• **Source data**:
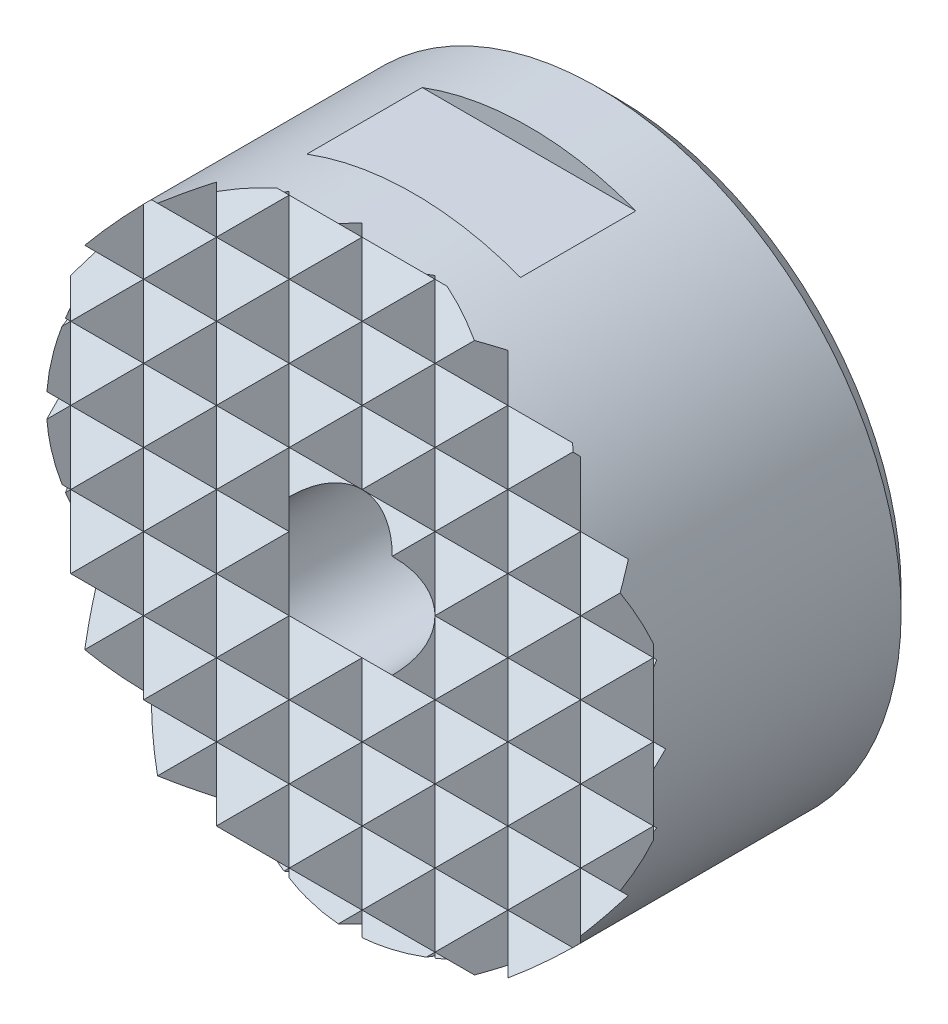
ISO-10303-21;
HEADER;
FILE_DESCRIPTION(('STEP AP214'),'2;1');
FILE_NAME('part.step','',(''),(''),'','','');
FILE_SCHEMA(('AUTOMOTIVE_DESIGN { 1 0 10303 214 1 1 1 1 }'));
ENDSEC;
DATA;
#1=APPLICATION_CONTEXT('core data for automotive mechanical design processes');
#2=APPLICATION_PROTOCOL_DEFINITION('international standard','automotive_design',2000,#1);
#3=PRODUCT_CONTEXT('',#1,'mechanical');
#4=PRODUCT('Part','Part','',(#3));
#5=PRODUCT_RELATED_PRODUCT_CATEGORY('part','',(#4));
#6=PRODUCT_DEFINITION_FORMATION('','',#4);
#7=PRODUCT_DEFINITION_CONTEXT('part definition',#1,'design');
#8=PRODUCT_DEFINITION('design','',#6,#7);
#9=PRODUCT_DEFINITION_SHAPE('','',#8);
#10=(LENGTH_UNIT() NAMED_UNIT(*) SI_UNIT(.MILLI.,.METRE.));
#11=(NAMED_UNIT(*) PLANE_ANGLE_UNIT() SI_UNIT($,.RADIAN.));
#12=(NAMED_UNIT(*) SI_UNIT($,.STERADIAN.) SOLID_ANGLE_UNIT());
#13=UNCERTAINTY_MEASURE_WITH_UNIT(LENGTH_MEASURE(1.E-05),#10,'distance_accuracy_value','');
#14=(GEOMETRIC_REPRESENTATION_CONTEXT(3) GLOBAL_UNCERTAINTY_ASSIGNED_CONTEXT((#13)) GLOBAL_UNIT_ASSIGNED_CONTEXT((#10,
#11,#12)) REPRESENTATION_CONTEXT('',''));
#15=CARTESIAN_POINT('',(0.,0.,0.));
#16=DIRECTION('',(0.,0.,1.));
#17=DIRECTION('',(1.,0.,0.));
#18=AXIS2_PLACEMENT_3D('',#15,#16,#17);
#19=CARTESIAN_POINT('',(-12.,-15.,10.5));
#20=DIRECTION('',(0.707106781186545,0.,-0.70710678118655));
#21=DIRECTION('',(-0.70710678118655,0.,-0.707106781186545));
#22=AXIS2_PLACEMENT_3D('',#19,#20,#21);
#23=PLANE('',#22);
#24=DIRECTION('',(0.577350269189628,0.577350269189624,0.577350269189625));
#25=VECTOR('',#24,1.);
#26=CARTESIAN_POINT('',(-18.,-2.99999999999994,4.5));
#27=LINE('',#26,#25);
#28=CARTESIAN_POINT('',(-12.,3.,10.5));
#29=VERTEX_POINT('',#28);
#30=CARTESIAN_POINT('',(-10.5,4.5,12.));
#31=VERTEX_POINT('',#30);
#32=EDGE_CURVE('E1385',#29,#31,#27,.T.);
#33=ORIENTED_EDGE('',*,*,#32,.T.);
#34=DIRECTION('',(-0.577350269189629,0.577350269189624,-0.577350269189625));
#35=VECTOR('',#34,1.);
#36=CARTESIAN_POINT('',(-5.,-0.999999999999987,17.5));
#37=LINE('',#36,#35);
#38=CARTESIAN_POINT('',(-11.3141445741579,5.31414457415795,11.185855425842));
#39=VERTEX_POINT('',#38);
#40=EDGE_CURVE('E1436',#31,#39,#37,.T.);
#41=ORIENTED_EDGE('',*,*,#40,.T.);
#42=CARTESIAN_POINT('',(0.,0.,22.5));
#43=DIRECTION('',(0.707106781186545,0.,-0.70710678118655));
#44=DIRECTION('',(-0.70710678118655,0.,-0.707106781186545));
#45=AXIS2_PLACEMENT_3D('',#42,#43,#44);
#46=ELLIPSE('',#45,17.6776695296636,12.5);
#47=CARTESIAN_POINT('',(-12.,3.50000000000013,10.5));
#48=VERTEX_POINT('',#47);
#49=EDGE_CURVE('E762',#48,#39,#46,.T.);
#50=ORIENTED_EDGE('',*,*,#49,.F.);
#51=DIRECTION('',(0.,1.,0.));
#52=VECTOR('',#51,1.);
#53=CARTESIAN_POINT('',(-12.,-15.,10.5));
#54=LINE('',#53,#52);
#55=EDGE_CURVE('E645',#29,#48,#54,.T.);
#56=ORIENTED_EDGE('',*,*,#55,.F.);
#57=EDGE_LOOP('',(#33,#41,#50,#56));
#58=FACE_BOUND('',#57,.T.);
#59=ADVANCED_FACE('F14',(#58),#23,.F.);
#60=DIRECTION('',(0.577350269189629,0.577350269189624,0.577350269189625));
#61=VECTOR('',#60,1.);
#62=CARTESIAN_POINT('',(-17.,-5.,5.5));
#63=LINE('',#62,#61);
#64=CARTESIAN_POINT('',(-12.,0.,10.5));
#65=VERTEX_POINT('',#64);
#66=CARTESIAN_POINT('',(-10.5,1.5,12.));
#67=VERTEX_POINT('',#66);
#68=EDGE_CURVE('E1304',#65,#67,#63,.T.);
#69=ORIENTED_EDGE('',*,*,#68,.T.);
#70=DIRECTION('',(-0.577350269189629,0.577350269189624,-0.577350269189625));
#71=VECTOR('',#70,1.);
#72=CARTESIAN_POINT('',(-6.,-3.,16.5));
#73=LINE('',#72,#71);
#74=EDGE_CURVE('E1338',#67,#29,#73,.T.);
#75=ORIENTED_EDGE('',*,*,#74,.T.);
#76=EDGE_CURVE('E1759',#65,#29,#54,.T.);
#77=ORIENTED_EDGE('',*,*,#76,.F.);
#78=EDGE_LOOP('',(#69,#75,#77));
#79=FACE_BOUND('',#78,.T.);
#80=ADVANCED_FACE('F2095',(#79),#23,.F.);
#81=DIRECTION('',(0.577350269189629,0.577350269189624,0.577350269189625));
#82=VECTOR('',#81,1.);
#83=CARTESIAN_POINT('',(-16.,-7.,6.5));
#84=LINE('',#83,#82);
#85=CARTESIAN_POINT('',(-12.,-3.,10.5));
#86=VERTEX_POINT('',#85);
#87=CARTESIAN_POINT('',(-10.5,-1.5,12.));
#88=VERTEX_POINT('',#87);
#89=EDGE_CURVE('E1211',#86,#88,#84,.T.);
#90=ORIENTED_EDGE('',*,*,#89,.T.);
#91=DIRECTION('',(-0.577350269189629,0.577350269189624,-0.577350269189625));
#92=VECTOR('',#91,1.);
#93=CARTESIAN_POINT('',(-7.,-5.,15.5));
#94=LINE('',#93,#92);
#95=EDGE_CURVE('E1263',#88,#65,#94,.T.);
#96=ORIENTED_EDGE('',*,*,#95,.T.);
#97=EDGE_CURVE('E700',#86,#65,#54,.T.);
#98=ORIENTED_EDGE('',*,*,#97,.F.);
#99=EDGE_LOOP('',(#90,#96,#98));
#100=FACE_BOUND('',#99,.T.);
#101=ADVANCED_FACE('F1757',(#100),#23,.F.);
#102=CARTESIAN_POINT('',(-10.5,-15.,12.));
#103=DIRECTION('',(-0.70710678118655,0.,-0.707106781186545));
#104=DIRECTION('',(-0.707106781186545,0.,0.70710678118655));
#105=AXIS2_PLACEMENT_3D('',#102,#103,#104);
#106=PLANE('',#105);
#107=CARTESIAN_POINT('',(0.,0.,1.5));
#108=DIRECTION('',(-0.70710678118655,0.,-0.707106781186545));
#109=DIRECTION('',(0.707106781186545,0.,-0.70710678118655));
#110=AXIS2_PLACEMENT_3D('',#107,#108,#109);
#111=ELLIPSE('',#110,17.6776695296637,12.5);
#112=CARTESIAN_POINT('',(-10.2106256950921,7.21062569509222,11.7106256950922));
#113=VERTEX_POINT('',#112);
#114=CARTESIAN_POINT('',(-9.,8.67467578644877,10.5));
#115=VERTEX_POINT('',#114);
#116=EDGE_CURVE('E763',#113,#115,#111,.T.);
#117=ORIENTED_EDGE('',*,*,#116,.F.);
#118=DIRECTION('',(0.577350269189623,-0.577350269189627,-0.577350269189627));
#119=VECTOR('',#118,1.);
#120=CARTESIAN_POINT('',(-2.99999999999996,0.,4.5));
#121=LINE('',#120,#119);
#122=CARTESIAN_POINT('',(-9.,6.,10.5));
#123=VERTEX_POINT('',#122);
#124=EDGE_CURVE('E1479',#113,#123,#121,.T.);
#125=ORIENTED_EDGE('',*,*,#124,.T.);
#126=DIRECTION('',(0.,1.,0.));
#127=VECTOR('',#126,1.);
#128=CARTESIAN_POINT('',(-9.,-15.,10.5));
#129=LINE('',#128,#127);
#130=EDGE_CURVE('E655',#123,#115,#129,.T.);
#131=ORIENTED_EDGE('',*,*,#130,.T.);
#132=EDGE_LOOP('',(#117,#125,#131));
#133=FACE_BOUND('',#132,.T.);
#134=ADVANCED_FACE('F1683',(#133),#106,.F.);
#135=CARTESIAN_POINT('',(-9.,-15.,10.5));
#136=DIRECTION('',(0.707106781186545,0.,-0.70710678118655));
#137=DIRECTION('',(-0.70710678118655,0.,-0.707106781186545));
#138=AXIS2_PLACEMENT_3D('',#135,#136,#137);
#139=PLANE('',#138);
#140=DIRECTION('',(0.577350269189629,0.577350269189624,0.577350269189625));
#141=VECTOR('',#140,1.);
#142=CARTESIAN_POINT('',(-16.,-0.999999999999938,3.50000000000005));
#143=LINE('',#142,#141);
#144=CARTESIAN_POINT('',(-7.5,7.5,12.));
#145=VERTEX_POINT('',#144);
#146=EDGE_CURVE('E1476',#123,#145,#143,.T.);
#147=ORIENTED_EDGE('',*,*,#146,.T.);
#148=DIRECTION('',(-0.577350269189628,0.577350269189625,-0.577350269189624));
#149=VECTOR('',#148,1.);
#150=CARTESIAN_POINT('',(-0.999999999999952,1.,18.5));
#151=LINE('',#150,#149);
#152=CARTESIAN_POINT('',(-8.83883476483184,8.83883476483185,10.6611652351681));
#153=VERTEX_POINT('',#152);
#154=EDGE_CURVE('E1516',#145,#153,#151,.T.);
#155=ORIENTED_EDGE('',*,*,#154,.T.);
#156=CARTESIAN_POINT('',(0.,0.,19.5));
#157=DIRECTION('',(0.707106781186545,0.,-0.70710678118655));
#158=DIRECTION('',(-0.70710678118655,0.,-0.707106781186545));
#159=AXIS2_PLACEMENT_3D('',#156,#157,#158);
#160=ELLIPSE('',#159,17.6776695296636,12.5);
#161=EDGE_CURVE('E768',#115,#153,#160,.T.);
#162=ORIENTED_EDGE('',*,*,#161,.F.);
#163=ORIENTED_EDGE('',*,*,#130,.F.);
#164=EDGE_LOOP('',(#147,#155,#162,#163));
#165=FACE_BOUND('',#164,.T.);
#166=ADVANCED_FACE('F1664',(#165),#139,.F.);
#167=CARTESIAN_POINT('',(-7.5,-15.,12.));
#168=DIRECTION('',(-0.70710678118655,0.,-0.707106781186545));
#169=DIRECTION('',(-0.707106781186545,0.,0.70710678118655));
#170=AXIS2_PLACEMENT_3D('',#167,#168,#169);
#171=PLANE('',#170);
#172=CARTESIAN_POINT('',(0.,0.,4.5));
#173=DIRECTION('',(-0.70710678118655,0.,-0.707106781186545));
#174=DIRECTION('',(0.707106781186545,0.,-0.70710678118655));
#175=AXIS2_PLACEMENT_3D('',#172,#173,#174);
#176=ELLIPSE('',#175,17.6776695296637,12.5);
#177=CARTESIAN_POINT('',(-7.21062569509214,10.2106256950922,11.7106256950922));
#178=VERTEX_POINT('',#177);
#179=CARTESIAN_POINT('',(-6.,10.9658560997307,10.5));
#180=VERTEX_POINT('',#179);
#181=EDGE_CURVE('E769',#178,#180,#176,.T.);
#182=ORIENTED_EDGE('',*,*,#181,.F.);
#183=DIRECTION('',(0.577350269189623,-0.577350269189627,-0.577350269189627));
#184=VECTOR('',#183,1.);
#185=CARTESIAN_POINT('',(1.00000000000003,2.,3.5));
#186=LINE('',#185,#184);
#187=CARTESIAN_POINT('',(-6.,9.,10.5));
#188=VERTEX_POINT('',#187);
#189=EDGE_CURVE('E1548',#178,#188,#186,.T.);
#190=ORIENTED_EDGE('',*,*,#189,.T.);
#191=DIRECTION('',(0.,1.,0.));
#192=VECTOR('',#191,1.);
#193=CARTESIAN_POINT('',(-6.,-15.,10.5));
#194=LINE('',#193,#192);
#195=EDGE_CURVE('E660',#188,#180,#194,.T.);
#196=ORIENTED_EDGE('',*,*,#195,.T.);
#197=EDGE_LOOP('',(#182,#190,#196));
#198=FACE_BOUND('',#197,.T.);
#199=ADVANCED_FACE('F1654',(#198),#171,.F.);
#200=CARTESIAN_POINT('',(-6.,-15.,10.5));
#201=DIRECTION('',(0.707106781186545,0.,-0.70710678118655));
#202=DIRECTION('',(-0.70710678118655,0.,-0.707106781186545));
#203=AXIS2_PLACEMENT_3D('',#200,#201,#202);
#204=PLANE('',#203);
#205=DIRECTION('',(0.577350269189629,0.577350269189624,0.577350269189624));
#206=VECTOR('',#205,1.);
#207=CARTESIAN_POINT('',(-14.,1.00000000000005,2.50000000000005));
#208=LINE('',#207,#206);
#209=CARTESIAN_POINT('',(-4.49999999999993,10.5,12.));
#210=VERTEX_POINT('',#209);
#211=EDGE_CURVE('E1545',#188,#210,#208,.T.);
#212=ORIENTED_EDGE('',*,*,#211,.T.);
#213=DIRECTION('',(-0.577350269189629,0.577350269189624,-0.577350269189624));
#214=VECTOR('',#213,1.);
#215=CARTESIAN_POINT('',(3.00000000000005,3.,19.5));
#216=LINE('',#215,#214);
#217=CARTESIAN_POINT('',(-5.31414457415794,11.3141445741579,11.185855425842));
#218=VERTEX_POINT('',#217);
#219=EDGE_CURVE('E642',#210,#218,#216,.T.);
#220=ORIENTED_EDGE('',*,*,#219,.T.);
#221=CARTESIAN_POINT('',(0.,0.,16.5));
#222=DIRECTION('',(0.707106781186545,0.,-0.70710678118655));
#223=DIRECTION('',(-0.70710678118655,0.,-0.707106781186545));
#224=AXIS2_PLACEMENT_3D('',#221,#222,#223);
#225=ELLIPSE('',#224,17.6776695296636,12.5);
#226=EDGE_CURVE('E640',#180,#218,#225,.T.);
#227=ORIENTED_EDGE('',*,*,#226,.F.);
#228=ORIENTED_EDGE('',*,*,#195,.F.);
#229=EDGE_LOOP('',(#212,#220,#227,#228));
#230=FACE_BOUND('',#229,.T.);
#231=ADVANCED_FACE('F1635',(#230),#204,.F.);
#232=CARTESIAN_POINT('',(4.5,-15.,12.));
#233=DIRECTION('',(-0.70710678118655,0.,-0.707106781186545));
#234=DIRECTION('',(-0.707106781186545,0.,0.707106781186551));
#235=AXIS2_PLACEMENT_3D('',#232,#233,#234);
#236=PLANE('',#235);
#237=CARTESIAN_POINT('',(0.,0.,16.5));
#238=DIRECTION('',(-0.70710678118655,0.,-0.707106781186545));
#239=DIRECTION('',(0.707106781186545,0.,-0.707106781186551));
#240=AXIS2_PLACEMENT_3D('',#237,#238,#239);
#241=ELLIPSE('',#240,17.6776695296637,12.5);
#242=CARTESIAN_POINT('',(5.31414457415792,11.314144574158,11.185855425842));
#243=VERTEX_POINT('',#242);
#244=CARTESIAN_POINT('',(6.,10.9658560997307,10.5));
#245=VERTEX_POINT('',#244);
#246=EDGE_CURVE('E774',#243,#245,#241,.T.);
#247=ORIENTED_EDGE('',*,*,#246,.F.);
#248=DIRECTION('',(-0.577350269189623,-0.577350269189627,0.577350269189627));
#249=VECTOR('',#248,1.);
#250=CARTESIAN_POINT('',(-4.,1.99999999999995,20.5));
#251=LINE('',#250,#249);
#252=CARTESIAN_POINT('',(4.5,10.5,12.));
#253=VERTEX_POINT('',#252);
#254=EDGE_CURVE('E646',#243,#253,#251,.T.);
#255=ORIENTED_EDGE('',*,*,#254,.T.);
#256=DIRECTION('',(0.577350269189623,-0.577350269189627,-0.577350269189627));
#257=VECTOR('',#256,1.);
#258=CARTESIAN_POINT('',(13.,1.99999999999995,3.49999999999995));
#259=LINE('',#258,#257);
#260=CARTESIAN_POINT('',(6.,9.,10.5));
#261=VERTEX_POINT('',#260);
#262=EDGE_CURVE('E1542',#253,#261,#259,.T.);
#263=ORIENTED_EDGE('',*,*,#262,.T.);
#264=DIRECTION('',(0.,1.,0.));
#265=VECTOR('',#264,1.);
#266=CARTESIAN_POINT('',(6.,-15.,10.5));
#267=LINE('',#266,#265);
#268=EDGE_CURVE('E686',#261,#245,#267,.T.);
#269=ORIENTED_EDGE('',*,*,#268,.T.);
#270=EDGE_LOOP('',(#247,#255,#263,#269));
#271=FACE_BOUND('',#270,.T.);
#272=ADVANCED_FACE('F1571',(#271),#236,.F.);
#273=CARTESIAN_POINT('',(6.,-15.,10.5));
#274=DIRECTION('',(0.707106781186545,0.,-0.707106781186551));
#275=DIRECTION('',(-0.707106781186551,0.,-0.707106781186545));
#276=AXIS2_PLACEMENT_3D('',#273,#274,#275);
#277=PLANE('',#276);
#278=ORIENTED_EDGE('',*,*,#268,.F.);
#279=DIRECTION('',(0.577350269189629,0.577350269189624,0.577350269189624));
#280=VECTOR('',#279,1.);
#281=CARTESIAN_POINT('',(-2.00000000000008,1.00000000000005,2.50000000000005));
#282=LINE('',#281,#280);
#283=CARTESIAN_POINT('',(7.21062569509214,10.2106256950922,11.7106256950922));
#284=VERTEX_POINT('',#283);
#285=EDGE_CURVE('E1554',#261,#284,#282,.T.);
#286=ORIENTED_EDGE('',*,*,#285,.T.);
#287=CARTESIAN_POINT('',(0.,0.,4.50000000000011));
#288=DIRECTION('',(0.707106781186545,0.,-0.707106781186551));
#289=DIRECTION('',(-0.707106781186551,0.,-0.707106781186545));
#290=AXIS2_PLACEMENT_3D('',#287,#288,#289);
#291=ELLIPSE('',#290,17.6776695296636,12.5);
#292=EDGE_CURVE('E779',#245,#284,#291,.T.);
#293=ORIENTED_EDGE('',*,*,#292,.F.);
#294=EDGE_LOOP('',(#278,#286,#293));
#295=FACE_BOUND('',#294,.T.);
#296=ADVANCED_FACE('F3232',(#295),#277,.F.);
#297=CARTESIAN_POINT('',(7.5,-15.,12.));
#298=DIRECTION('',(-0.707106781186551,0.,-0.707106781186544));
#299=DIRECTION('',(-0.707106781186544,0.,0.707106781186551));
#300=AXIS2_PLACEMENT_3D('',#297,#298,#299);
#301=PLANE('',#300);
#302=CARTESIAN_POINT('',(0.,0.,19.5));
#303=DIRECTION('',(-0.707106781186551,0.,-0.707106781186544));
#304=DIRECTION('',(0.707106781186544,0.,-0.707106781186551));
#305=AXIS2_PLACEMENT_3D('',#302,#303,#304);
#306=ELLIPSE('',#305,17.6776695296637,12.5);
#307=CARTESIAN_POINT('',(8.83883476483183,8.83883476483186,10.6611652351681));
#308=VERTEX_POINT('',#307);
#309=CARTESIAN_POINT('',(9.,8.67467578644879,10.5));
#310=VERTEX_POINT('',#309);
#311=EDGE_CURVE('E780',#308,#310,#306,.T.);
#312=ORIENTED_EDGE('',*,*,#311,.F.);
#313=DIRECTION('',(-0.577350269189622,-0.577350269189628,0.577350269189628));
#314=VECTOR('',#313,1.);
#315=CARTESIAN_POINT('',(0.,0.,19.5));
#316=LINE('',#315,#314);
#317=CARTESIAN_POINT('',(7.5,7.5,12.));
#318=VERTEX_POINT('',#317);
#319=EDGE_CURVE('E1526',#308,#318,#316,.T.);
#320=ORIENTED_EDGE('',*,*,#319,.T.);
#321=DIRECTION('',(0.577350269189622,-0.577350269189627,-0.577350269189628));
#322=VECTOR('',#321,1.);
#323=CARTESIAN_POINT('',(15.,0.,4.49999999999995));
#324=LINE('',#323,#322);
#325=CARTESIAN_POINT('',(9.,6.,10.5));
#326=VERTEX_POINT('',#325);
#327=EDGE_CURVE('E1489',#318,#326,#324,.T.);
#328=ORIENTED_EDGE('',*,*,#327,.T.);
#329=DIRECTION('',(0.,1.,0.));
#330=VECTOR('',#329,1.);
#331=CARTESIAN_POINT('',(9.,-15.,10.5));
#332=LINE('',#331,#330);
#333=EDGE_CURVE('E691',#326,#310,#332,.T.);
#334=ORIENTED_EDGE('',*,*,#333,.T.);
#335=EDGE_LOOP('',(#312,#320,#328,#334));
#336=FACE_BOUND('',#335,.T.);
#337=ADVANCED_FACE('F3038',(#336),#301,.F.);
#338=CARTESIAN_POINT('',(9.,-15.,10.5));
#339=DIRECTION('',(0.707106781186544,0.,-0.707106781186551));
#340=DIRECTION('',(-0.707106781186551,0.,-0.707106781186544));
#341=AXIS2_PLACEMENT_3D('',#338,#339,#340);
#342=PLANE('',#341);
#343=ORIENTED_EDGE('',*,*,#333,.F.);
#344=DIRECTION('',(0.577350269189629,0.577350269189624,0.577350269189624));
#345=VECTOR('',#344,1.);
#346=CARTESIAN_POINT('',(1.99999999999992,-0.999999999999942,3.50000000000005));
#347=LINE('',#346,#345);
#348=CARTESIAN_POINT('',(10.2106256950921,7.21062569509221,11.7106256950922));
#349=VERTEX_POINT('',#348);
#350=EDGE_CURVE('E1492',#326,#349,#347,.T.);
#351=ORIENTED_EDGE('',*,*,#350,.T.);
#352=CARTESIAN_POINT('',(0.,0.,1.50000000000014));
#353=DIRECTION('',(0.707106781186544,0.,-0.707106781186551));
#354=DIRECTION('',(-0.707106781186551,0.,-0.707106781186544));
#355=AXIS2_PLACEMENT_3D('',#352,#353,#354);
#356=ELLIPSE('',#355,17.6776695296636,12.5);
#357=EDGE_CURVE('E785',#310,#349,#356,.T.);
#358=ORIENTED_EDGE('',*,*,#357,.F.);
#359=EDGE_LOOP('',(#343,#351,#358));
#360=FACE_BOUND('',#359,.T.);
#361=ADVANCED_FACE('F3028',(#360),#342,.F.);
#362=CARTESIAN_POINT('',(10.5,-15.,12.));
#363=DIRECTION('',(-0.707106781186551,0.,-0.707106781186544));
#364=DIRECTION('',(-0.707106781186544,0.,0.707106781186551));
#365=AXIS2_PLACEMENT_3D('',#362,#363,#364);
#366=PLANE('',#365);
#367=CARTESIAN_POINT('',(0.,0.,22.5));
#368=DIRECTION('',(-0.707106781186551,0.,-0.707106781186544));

• **Goal of the exercise**: In the listing above, start at the line with "#230=FACE_BOUND('',#229,.T.);", go on through the line with "#240=AXIS2_PLACEMENT_3D('',#237,#238,#239);", and copy each of those lines exactly; leave out all the rest.

• **Solution to this task**:
#230=FACE_BOUND('',#229,.T.);
#231=ADVANCED_FACE('F1635',(#230),#204,.F.);
#232=CARTESIAN_POINT('',(4.5,-15.,12.));
#233=DIRECTION('',(-0.70710678118655,0.,-0.707106781186545));
#234=DIRECTION('',(-0.707106781186545,0.,0.707106781186551));
#235=AXIS2_PLACEMENT_3D('',#232,#233,#234);
#236=PLANE('',#235);
#237=CARTESIAN_POINT('',(0.,0.,16.5));
#238=DIRECTION('',(-0.70710678118655,0.,-0.707106781186545));
#239=DIRECTION('',(0.707106781186545,0.,-0.707106781186551));
#240=AXIS2_PLACEMENT_3D('',#237,#238,#239);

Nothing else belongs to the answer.